Exercise -
None of the images should appear in your copy. Transcribe the data in full.

Records from a dataset -
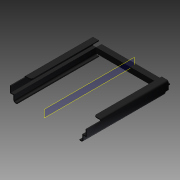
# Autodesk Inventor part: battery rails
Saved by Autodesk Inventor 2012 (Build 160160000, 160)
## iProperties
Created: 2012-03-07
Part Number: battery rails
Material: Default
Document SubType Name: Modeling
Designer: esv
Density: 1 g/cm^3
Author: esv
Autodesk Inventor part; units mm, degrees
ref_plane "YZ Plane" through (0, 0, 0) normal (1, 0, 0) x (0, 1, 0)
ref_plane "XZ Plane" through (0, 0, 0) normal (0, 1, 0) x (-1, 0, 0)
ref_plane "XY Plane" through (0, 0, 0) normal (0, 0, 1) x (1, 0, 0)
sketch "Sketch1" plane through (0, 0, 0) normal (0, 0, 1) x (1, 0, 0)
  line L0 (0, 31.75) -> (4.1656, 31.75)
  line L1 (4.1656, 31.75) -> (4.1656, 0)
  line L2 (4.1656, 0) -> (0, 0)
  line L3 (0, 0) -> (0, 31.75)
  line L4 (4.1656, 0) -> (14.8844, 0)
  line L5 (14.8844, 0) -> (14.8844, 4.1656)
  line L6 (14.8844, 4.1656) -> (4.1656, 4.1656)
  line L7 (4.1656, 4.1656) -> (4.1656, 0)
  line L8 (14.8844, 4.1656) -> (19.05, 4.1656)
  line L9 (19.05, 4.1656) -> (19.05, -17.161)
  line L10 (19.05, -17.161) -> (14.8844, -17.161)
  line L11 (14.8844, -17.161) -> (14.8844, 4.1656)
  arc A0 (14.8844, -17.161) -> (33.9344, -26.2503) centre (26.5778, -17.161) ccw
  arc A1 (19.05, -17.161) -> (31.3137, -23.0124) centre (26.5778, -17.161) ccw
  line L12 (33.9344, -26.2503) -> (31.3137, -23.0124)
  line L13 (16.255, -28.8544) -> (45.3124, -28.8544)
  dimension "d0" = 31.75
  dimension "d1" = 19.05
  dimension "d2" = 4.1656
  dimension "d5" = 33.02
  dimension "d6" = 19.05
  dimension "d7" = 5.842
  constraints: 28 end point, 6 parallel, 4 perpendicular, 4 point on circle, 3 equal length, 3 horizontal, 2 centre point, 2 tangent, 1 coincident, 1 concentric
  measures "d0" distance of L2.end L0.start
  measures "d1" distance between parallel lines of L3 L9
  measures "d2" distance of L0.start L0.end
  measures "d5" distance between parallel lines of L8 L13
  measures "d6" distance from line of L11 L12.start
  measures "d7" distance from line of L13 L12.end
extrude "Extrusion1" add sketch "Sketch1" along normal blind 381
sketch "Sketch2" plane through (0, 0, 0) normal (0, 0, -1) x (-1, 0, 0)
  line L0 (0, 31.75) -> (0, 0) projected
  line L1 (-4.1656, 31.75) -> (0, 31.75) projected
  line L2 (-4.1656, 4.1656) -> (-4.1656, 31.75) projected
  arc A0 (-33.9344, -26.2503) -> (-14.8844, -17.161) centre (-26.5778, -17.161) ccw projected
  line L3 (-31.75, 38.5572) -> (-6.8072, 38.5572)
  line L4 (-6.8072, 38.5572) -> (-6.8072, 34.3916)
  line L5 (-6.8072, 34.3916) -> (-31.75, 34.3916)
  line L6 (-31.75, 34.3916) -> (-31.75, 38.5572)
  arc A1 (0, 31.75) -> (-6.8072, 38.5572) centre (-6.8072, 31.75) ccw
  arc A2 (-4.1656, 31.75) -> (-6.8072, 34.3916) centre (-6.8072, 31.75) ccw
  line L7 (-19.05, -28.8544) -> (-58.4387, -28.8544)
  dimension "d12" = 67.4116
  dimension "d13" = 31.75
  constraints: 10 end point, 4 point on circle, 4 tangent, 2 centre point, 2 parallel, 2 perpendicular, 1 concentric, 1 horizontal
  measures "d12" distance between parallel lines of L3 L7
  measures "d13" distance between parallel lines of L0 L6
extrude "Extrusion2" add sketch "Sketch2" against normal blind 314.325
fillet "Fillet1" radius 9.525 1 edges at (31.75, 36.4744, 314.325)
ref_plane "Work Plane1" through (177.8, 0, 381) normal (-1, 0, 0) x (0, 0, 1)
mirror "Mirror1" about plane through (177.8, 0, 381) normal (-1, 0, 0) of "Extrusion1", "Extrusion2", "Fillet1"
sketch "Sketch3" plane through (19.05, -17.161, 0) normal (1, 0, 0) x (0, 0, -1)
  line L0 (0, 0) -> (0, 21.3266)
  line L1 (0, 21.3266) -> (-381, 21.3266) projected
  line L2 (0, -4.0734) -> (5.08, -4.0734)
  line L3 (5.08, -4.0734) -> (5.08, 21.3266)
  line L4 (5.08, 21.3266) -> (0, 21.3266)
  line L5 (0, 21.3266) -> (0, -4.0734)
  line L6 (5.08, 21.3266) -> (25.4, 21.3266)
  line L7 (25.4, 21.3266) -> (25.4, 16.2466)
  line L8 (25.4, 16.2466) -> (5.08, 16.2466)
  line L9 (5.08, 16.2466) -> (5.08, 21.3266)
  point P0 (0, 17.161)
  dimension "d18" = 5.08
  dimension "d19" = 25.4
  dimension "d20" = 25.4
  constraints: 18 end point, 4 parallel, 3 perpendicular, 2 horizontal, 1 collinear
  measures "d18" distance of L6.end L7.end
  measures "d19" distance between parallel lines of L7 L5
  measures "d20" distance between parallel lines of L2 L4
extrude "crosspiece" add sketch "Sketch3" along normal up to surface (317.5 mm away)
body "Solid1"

Result -
# Autodesk Inventor part: battery rails
Saved by Autodesk Inventor 2012 (Build 160160000, 160)
## iProperties
Created: 2012-03-07
Part Number: battery rails
Material: Default
Document SubType Name: Modeling
Designer: esv
Density: 1 g/cm^3
Author: esv
Autodesk Inventor part; units mm, degrees
ref_plane "YZ Plane" through (0, 0, 0) normal (1, 0, 0) x (0, 1, 0)
ref_plane "XZ Plane" through (0, 0, 0) normal (0, 1, 0) x (-1, 0, 0)
ref_plane "XY Plane" through (0, 0, 0) normal (0, 0, 1) x (1, 0, 0)
sketch "Sketch1" plane through (0, 0, 0) normal (0, 0, 1) x (1, 0, 0)
  line L0 (0, 31.75) -> (4.1656, 31.75)
  line L1 (4.1656, 31.75) -> (4.1656, 0)
  line L2 (4.1656, 0) -> (0, 0)
  line L3 (0, 0) -> (0, 31.75)
  line L4 (4.1656, 0) -> (14.8844, 0)
  line L5 (14.8844, 0) -> (14.8844, 4.1656)
  line L6 (14.8844, 4.1656) -> (4.1656, 4.1656)
  line L7 (4.1656, 4.1656) -> (4.1656, 0)
  line L8 (14.8844, 4.1656) -> (19.05, 4.1656)
  line L9 (19.05, 4.1656) -> (19.05, -17.161)
  line L10 (19.05, -17.161) -> (14.8844, -17.161)
  line L11 (14.8844, -17.161) -> (14.8844, 4.1656)
  arc A0 (14.8844, -17.161) -> (33.9344, -26.2503) centre (26.5778, -17.161) ccw
  arc A1 (19.05, -17.161) -> (31.3137, -23.0124) centre (26.5778, -17.161) ccw
  line L12 (33.9344, -26.2503) -> (31.3137, -23.0124)
  line L13 (16.255, -28.8544) -> (45.3124, -28.8544)
  dimension "d0" = 31.75
  dimension "d1" = 19.05
  dimension "d2" = 4.1656
  dimension "d5" = 33.02
  dimension "d6" = 19.05
  dimension "d7" = 5.842
  constraints: 28 end point, 6 parallel, 4 perpendicular, 4 point on circle, 3 equal length, 3 horizontal, 2 centre point, 2 tangent, 1 coincident, 1 concentric
  measures "d0" distance of L2.end L0.start
  measures "d1" distance between parallel lines of L3 L9
  measures "d2" distance of L0.start L0.end
  measures "d5" distance between parallel lines of L8 L13
  measures "d6" distance from line of L11 L12.start
  measures "d7" distance from line of L13 L12.end
extrude "Extrusion1" add sketch "Sketch1" along normal blind 381
sketch "Sketch2" plane through (0, 0, 0) normal (0, 0, -1) x (-1, 0, 0)
  line L0 (0, 31.75) -> (0, 0) projected
  line L1 (-4.1656, 31.75) -> (0, 31.75) projected
  line L2 (-4.1656, 4.1656) -> (-4.1656, 31.75) projected
  arc A0 (-33.9344, -26.2503) -> (-14.8844, -17.161) centre (-26.5778, -17.161) ccw projected
  line L3 (-31.75, 38.5572) -> (-6.8072, 38.5572)
  line L4 (-6.8072, 38.5572) -> (-6.8072, 34.3916)
  line L5 (-6.8072, 34.3916) -> (-31.75, 34.3916)
  line L6 (-31.75, 34.3916) -> (-31.75, 38.5572)
  arc A1 (0, 31.75) -> (-6.8072, 38.5572) centre (-6.8072, 31.75) ccw
  arc A2 (-4.1656, 31.75) -> (-6.8072, 34.3916) centre (-6.8072, 31.75) ccw
  line L7 (-19.05, -28.8544) -> (-58.4387, -28.8544)
  dimension "d12" = 67.4116
  dimension "d13" = 31.75
  constraints: 10 end point, 4 point on circle, 4 tangent, 2 centre point, 2 parallel, 2 perpendicular, 1 concentric, 1 horizontal
  measures "d12" distance between parallel lines of L3 L7
  measures "d13" distance between parallel lines of L0 L6
extrude "Extrusion2" add sketch "Sketch2" against normal blind 314.325
fillet "Fillet1" radius 9.525 1 edges at (31.75, 36.4744, 314.325)
ref_plane "Work Plane1" through (177.8, 0, 381) normal (-1, 0, 0) x (0, 0, 1)
mirror "Mirror1" about plane through (177.8, 0, 381) normal (-1, 0, 0) of "Extrusion1", "Extrusion2", "Fillet1"
sketch "Sketch3" plane through (19.05, -17.161, 0) normal (1, 0, 0) x (0, 0, -1)
  line L0 (0, 0) -> (0, 21.3266)
  line L1 (0, 21.3266) -> (-381, 21.3266) projected
  line L2 (0, -4.0734) -> (5.08, -4.0734)
  line L3 (5.08, -4.0734) -> (5.08, 21.3266)
  line L4 (5.08, 21.3266) -> (0, 21.3266)
  line L5 (0, 21.3266) -> (0, -4.0734)
  line L6 (5.08, 21.3266) -> (25.4, 21.3266)
  line L7 (25.4, 21.3266) -> (25.4, 16.2466)
  line L8 (25.4, 16.2466) -> (5.08, 16.2466)
  line L9 (5.08, 16.2466) -> (5.08, 21.3266)
  point P0 (0, 17.161)
  dimension "d18" = 5.08
  dimension "d19" = 25.4
  dimension "d20" = 25.4
  constraints: 18 end point, 4 parallel, 3 perpendicular, 2 horizontal, 1 collinear
  measures "d18" distance of L6.end L7.end
  measures "d19" distance between parallel lines of L7 L5
  measures "d20" distance between parallel lines of L2 L4
extrude "crosspiece" add sketch "Sketch3" along normal up to surface (317.5 mm away)
body "Solid1"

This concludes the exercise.